AIM OF THE TASK -
Return the lines of the data below in which the string "with" occurs.

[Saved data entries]
[Start of section]
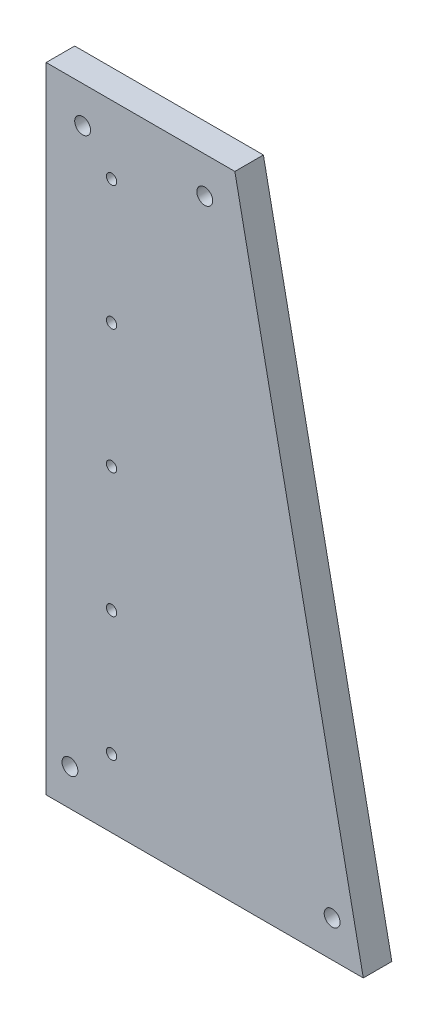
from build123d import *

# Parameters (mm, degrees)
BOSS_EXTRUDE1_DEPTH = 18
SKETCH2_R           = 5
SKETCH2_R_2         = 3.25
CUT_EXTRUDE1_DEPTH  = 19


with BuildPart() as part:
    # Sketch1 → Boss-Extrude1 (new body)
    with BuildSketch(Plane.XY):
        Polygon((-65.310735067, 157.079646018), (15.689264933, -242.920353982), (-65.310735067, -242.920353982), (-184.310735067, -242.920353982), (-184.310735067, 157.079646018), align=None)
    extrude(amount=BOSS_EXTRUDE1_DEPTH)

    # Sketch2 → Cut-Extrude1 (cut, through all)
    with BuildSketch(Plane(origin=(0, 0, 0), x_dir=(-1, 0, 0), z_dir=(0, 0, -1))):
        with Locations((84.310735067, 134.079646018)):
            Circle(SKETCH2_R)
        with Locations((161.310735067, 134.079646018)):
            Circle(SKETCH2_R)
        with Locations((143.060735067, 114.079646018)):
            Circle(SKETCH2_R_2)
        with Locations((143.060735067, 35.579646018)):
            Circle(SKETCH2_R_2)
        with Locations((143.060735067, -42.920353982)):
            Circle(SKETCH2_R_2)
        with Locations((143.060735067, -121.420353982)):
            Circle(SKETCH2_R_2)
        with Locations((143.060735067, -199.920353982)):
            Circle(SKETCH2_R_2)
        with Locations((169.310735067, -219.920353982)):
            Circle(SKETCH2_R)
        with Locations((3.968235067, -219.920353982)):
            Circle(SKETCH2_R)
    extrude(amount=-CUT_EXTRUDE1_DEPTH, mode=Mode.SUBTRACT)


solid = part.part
[End of section]
TASK RESPONSE -
with BuildPart() as part:
    with BuildSketch(Plane.XY):
    with BuildSketch(Plane(origin=(0, 0, 0), x_dir=(-1, 0, 0), z_dir=(0, 0, -1))):
        with Locations((84.310735067, 134.079646018)):
        with Locations((161.310735067, 134.079646018)):
        with Locations((143.060735067, 114.079646018)):
        with Locations((143.060735067, 35.579646018)):
        with Locations((143.060735067, -42.920353982)):
        with Locations((143.060735067, -121.420353982)):
        with Locations((143.060735067, -199.920353982)):
        with Locations((169.310735067, -219.920353982)):
        with Locations((3.968235067, -219.920353982)):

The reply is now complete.